Start of Block

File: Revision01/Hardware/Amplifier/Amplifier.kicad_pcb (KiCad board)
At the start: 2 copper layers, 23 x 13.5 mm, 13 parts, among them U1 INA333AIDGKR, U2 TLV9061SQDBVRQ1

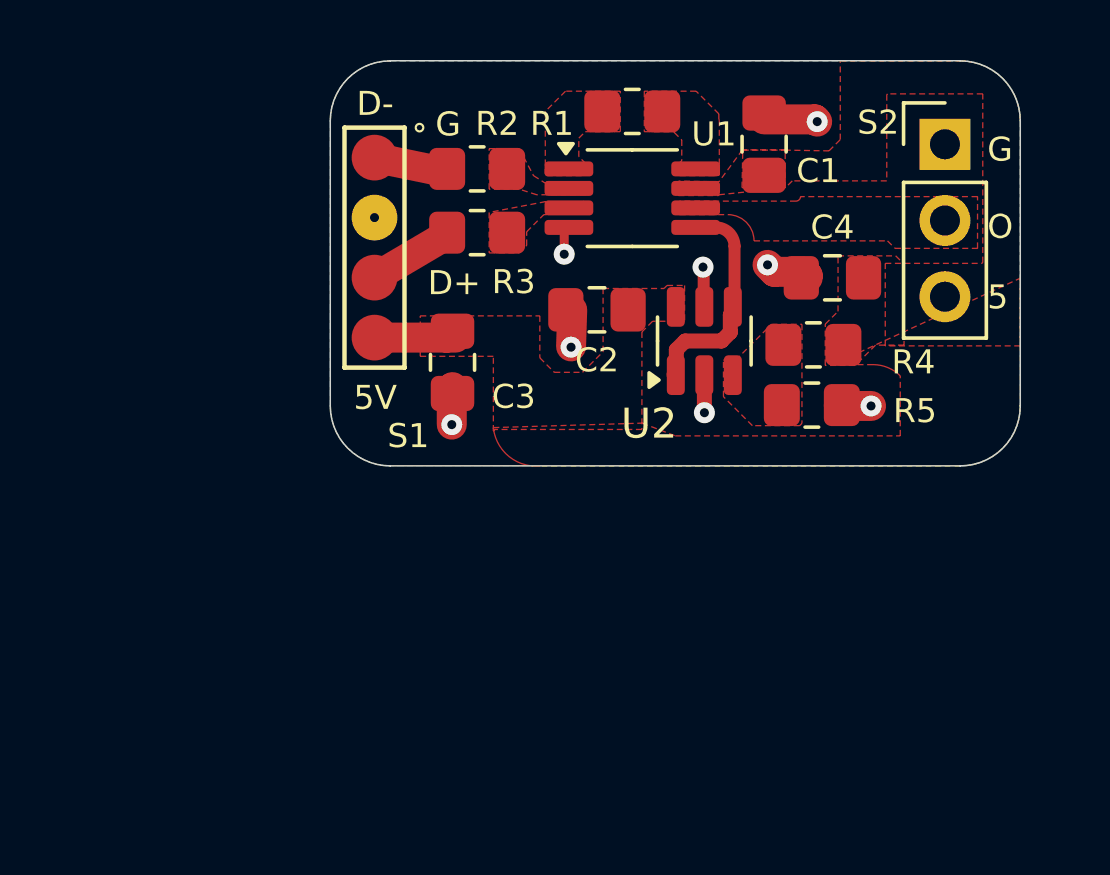
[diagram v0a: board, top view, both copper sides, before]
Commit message: . Amplifier layout WIP draft with 500 ohm resistor . Hub layout final draft, added 100 ohm series resistor to AIN
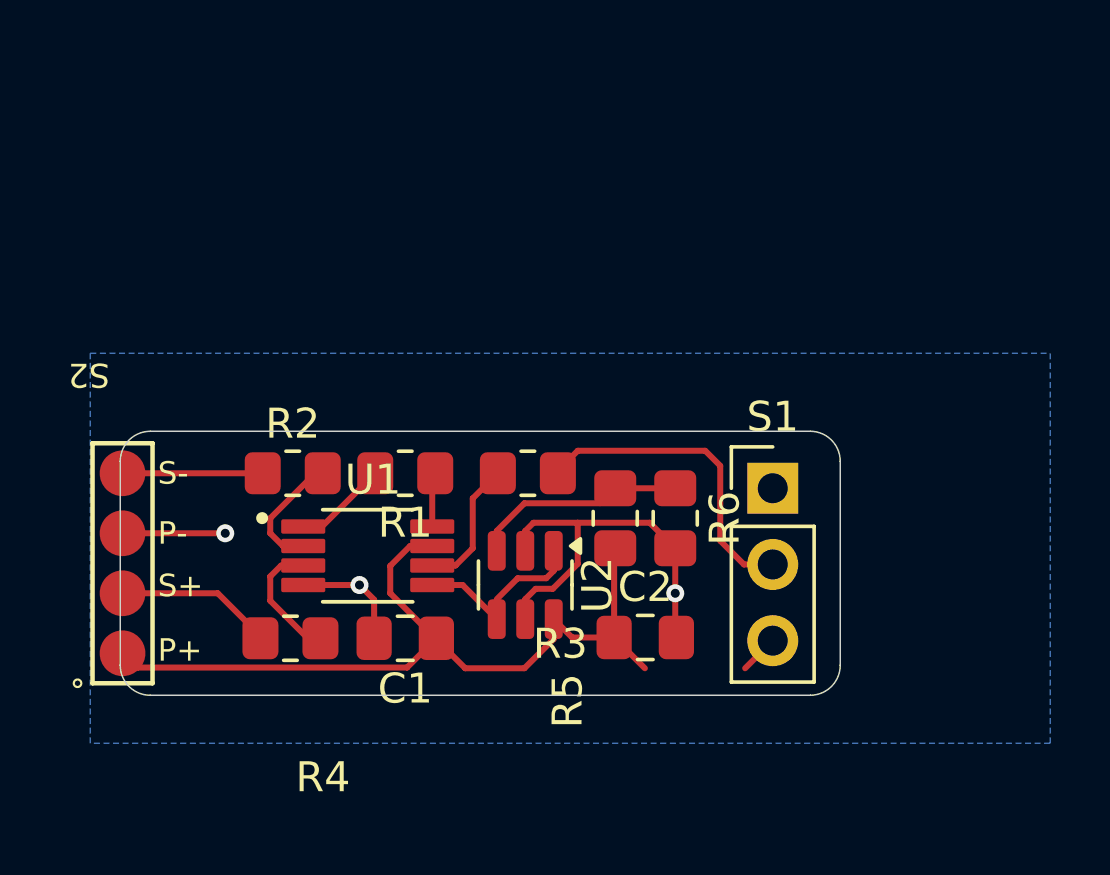
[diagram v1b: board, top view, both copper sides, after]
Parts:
- removed C3, C4: 0.1uF, Capacitor_SMD:C_0805_2012Metric_Pad1.18x1.45mm_HandSolder
- added R6: 100K +-0.1%, Resistor_SMD:R_0805_2012Metric_Pad1.20x1.40mm_HandSolder, F.Cu at (148.5, 113.5)
- R3: value 1K +-0.1% -> 500 ± 5%
- R4: value 200K +-0.1% -> 1K +-0.1%
- R5: value 100K +-0.1% -> 200K +-0.1%
- S1: value CONN_01X04_StrainGauge -> CONN_01X03_2.54MM; footprint StrainAmplifierV1:CONN_01X04 -> Connector_PinHeader_2.54mm:PinHeader_1x03_P2.54mm_Vertical
- S2: value CONN_01X03_2.54MM -> CONN_01X04_StrainGauge; footprint Connector_PinHeader_2.54mm:PinHeader_1x03_P2.54mm_Vertical -> Amplifier:CONN_01X04
- U1: footprint Package_SO:VSSOP-8_3x3mm_P0.65mm -> Amplifier:INA333AIDGKR_SOP65P490X110-8N
- moved S2 32.2 mm to (130.1, 118.0), turned to 180 degrees
- moved C1 20.4 mm to (139.5, 117.5), turned to 180 degrees
- moved R4 20.0 mm to (135.7, 117.5), turned to 180 degrees
- moved S1 17.3 mm to (151.8, 112.5)
- moved U1 14.8 mm to (138.2, 114.8)
- moved R1 14.2 mm to (139.5, 112.0)
- moved R2 11.9 mm to (135.8, 112.0), turned to 0 degrees
- moved C2 11.0 mm to (147.5, 117.5), turned to 0 degrees
- moved U2 10.1 mm to (143.5, 115.7), turned to -90 degrees
- moved R3 8.20 mm to (143.6, 112.0)
- moved R5 7.56 mm to (146.5, 113.5), turned to 90 degrees
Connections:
- R2 pad 1: Net-(U1-VIN-) -> /strainAIN_D-
- R2 pad 2: /strainAIN_D- -> Net-(U1-VIN-)
- R3 pad 1: Net-(U1-VIN+) -> Net-(S1-Pin_2)
- R3 pad 2: /strainAIN_D+ -> Net-(U1-VOUT)
- R4 pad 1: Net-(U2-IN+) -> Net-(U1-VIN+)
- R4 pad 2: +5V -> /strainAIN_D+
- R5 pad 1: GND -> +5V
- S1 pad 1: /strainAIN_D- -> GND
- S1 pad 2: GND -> Net-(S1-Pin_2)
- S1 pad 3: /strainAIN_D+ -> +5V
- S2 pad 1: GND -> +5V
- S2 pad 2: Net-(U1-VOUT) -> /strainAIN_D+
- S2 pad 3: +5V -> GND
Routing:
- net +5V: track 2.95 -> 29.7 mm
- net Net-(S1-Pin_2): track 0.00 -> 11.1 mm
- net GND: track 10.2 -> 20.3 mm, vias 8 -> 3
- net Net-(U2-IN+): track 0.00 -> 7.42 mm
- net Net-(U1-VOUT): track 0.00 -> 4.50 mm
- net Net-(U1-VIN+): track 0.00 -> 4.25 mm
- net Net-(U1-VIN-): track 0.00 -> 4.15 mm
- net Net-(R1-Pad2): track 0.00 -> 3.14 mm
- net /strainAIN_D+: track 2.90 -> 4.94 mm
- net /strainAIN_D-: track 2.48 -> 4.35 mm
- net Net-(R1-Pad1): track 0.00 -> 1.82 mm
- net Net-(U1-REF): track 7.14 -> 6.24 mm
- removed copper zone on F.Cu, net +5V
- removed copper zone on F.Cu, net Net-(R1-Pad1)
- removed copper zone on F.Cu, net Net-(R1-Pad2)
- removed copper zone on F.Cu, net Net-(U1-VIN+)
- removed copper zone on F.Cu, net Net-(U1-VIN-)
- removed copper zone on F.Cu, net Net-(U1-VOUT)
- removed copper zone on F.Cu, net Net-(U2-IN+)
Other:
- board size 23 x 13.5 mm -> 24 x 8.8 mm
- board text added: "P+"
- board text added: "P-"
- board text added: "S+"
- board text added: "S-"
- board text removed: "5"
- board text removed: "5V"
- board text removed: "D+"
- board text removed: "D-"
- board text removed: "G"
- board text removed: "O"

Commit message: . Merged Amplifier & Hub libraries into "Lib" . Added Amplifier 6 pin IDC footprint . Finalized Amplifier layout & silkscreen
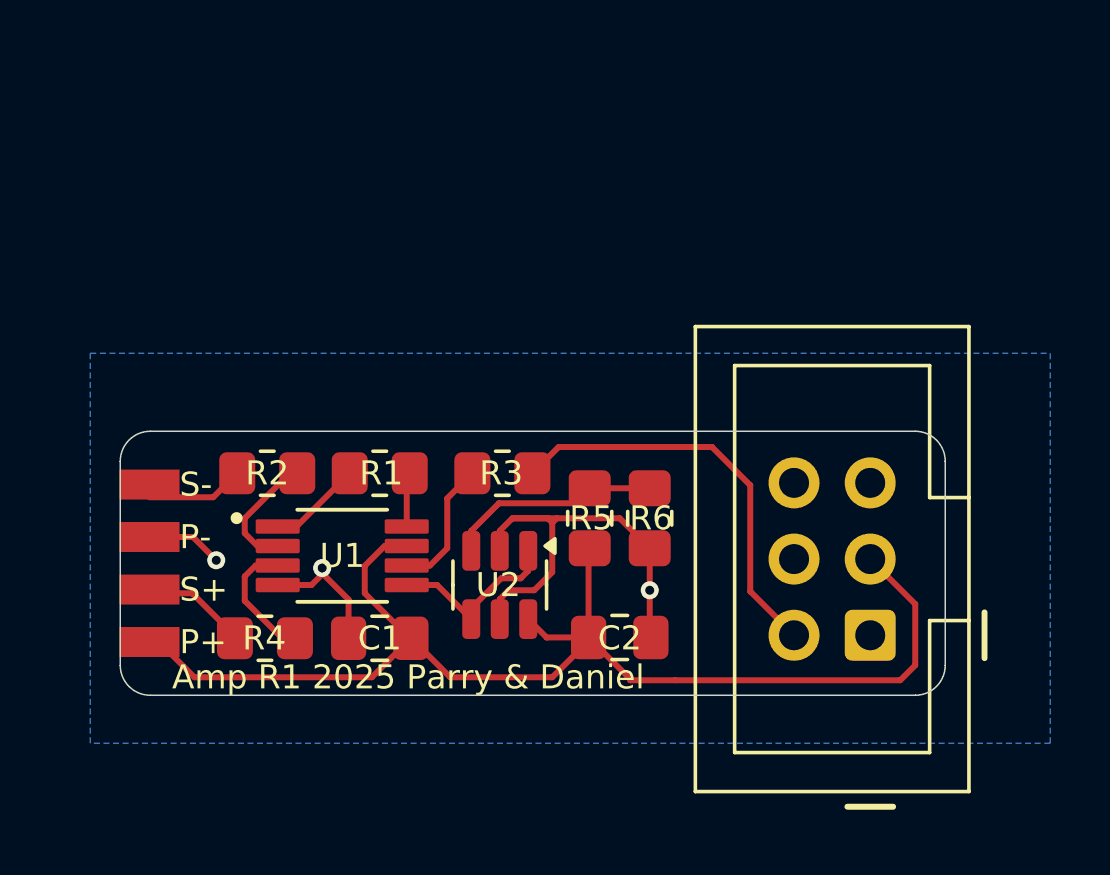
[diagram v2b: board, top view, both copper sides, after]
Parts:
- added G***: LOGO, Lib:BCIT-Racing-Logo_20mm_8mm8, B.Cu at (141.4, 115.8)
- S1: footprint Connector_PinHeader_2.54mm:PinHeader_1x03_P2.54mm_Vertical -> Lib:AdamTech_BHR-06-VUA
- S2: footprint Amplifier:CONN_01X04 -> Lib:CONN_01X04
- U1: footprint Amplifier:INA333AIDGKR_SOP65P490X110-8N -> Lib:INA333AIDGKR_SOP65P490X110-8N
- moved S1 5.88 mm to (155.0, 117.4), turned to 180 degrees
- moved C1 0.85 mm to (138.7, 117.5)
- moved C2 0.85 mm to (146.7, 117.5)
- moved R1 0.85 mm to (138.7, 112.0)
- moved R2 0.85 mm to (134.9, 112.0)
- moved R3 0.85 mm to (142.7, 112.0)
- moved R4 0.85 mm to (134.8, 117.5)
- moved R5 0.85 mm to (145.7, 113.5)
- moved R6 0.85 mm to (147.7, 113.5)
- moved U1 0.85 mm to (137.4, 114.8)
- moved U2 0.85 mm to (142.7, 115.7)
- moved S2 0.39 mm to (130.0, 117.6)
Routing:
- net +5V: track 29.7 -> 42.9 mm
- net Net-(S1-Pin_2): track 11.1 -> 14.4 mm
- net GND: track 20.3 -> 22.6 mm
- net /strainAIN_D-: track 4.35 -> 3.26 mm
- net /strainAIN_D+: track 4.94 -> 4.09 mm
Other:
- board size 24 x 8.8 mm -> 27.5 x 8.8 mm
- board text added: "Amp R1 2025 Parry & Daniel"
- board text added: "C1"
- board text added: "C2"
- board text added: "R1"
- board text added: "R2"
- board text added: "R3"
- board text added: "R4"
- board text added: "R5"
- board text added: "R6"
- board text removed: "P+"
- board text removed: "P-"
- board text removed: "S+"
- board text removed: "S-"

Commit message: . Exported BOM (.csv), gerbers & dill files, 3D Model (.step) file to Product/2025-08-16 for both Amplifier & Hub boards.
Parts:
- R5: value 200K +-0.1% -> 20K +-0.1%
- R6: value 100K +-0.1% -> 10K +-0.1%

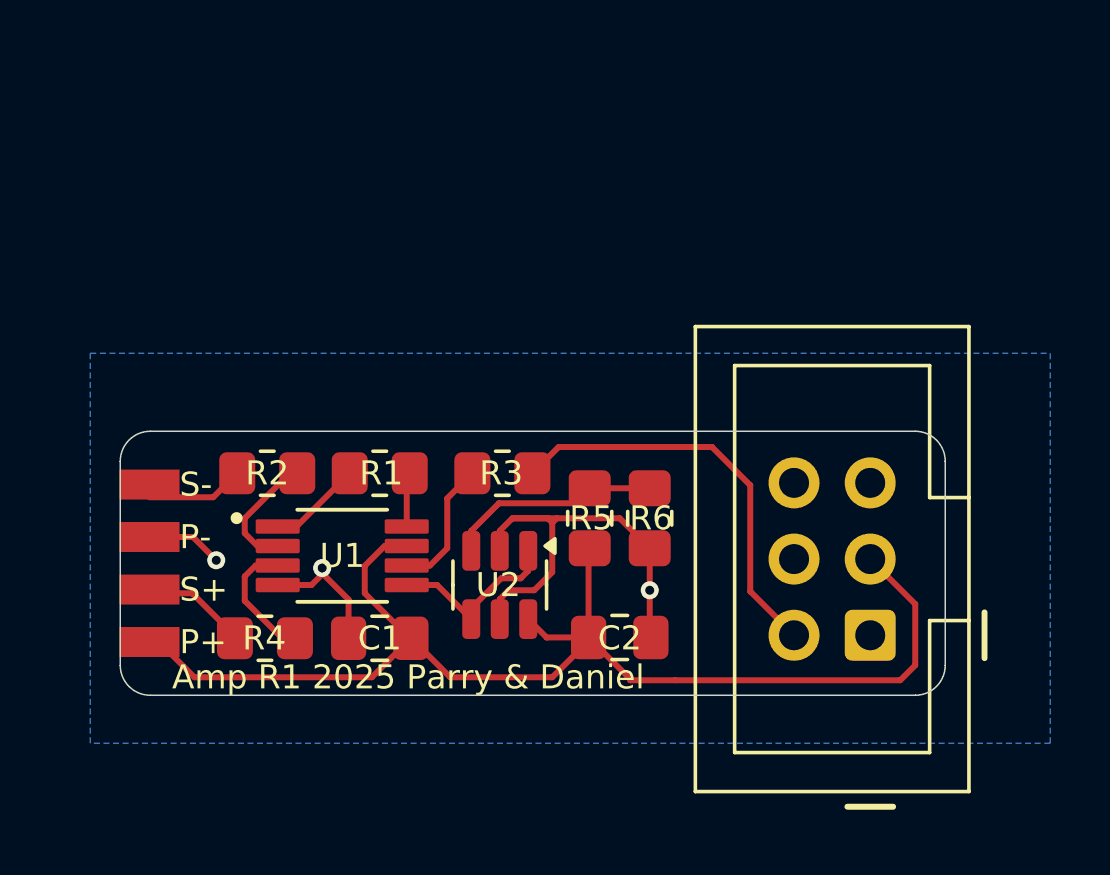
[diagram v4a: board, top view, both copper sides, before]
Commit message: . Made sure amplifier passive silk screen doesn't overlap pads . Added 6xAA battery holder to hub BOM . Exported gerbers, drl files .zip (PCBWay approved)
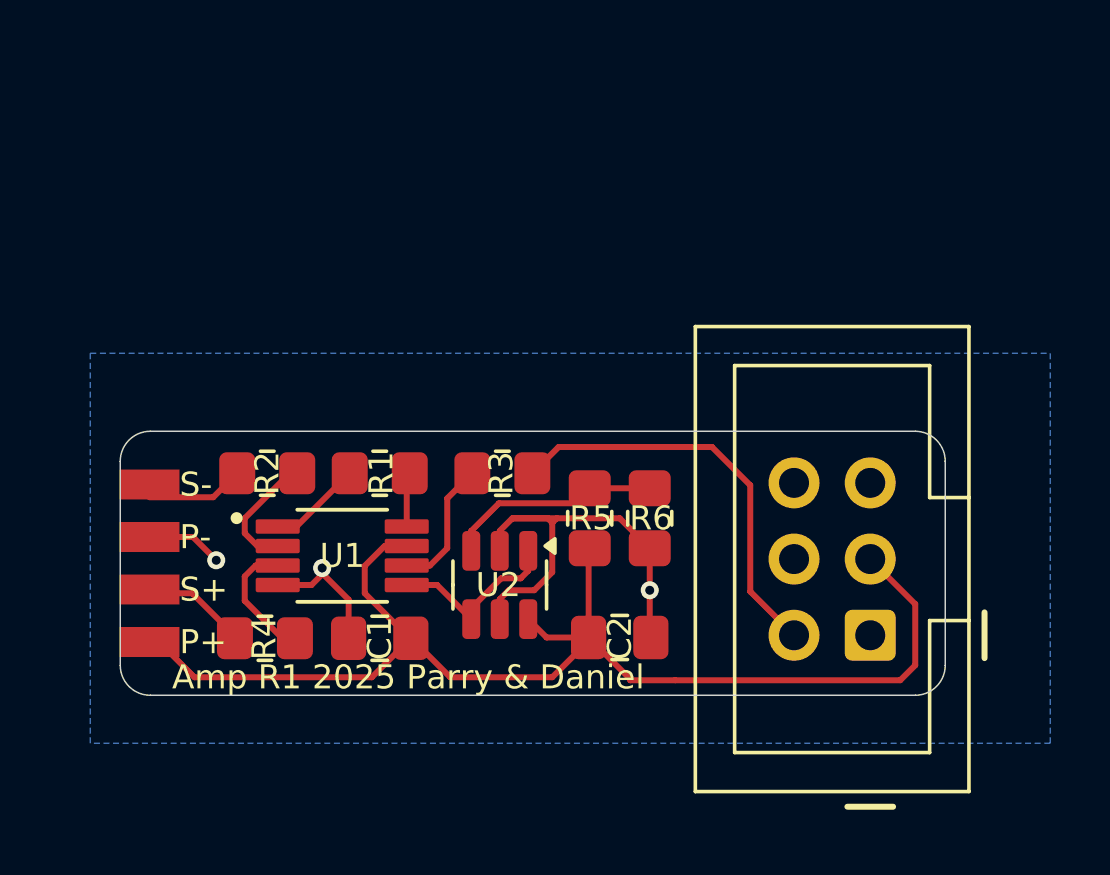
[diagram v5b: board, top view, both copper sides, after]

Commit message: . Hub & Amp: Changed wiring standard to GND SIG GND GND PWR GND . Hub: Added GND plane to 3.3V . Hub: Moved 1M pulldown resistor . Hub & Amp: Adjusted thermal relief tolerances . Hub: Changed buck convertor layout so capacitors are inline with feedback pin . Hub: Added stitching vias . Hub & Amp: Changed font sizes, changed silkscreen to be oriented one way
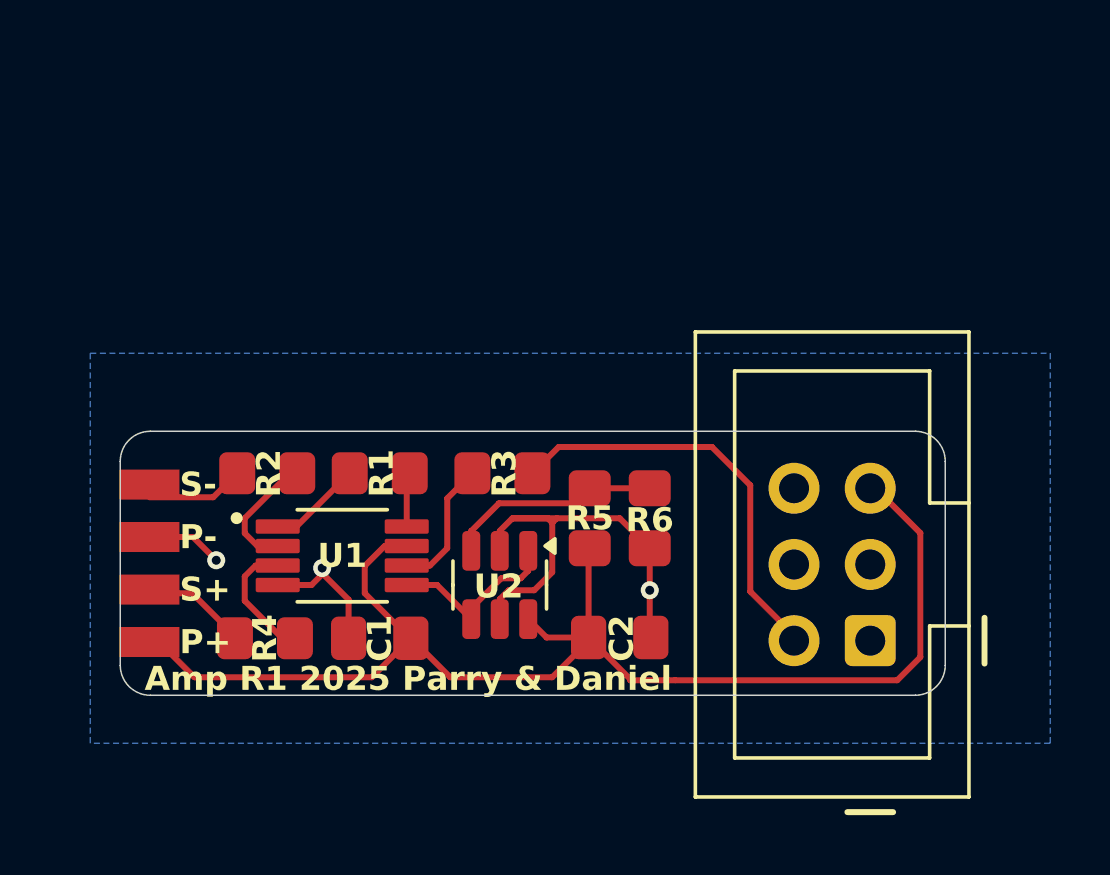
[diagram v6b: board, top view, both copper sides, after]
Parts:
- moved S1 0.18 mm to (155.0, 117.6)
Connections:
- S1 pad 3: +5V -> GND
- S1 pad 4: unconnected-(S1-Pin_4-Pad4) -> GND
- S1 pad 5: unconnected-(S1-Pin_5-Pad5) -> +5V
- S1 pad 6: unconnected-(S1-Pin_6-Pad6) -> GND
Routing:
- net +5V: track 42.9 -> 45.5 mm

End of Block

Action item:
Output the lines above between the one holding "- moved C2 11.0" and the one holding "- net Net-(S1-Pin_2): track 0.00 -> 11.1 mm", inclusive, with nothing before or after them.

Exercise solution:
- moved C2 11.0 mm to (147.5, 117.5), turned to 0 degrees
- moved U2 10.1 mm to (143.5, 115.7), turned to -90 degrees
- moved R3 8.20 mm to (143.6, 112.0)
- moved R5 7.56 mm to (146.5, 113.5), turned to 90 degrees
Connections:
- R2 pad 1: Net-(U1-VIN-) -> /strainAIN_D-
- R2 pad 2: /strainAIN_D- -> Net-(U1-VIN-)
- R3 pad 1: Net-(U1-VIN+) -> Net-(S1-Pin_2)
- R3 pad 2: /strainAIN_D+ -> Net-(U1-VOUT)
- R4 pad 1: Net-(U2-IN+) -> Net-(U1-VIN+)
- R4 pad 2: +5V -> /strainAIN_D+
- R5 pad 1: GND -> +5V
- S1 pad 1: /strainAIN_D- -> GND
- S1 pad 2: GND -> Net-(S1-Pin_2)
- S1 pad 3: /strainAIN_D+ -> +5V
- S2 pad 1: GND -> +5V
- S2 pad 2: Net-(U1-VOUT) -> /strainAIN_D+
- S2 pad 3: +5V -> GND
Routing:
- net +5V: track 2.95 -> 29.7 mm
- net Net-(S1-Pin_2): track 0.00 -> 11.1 mm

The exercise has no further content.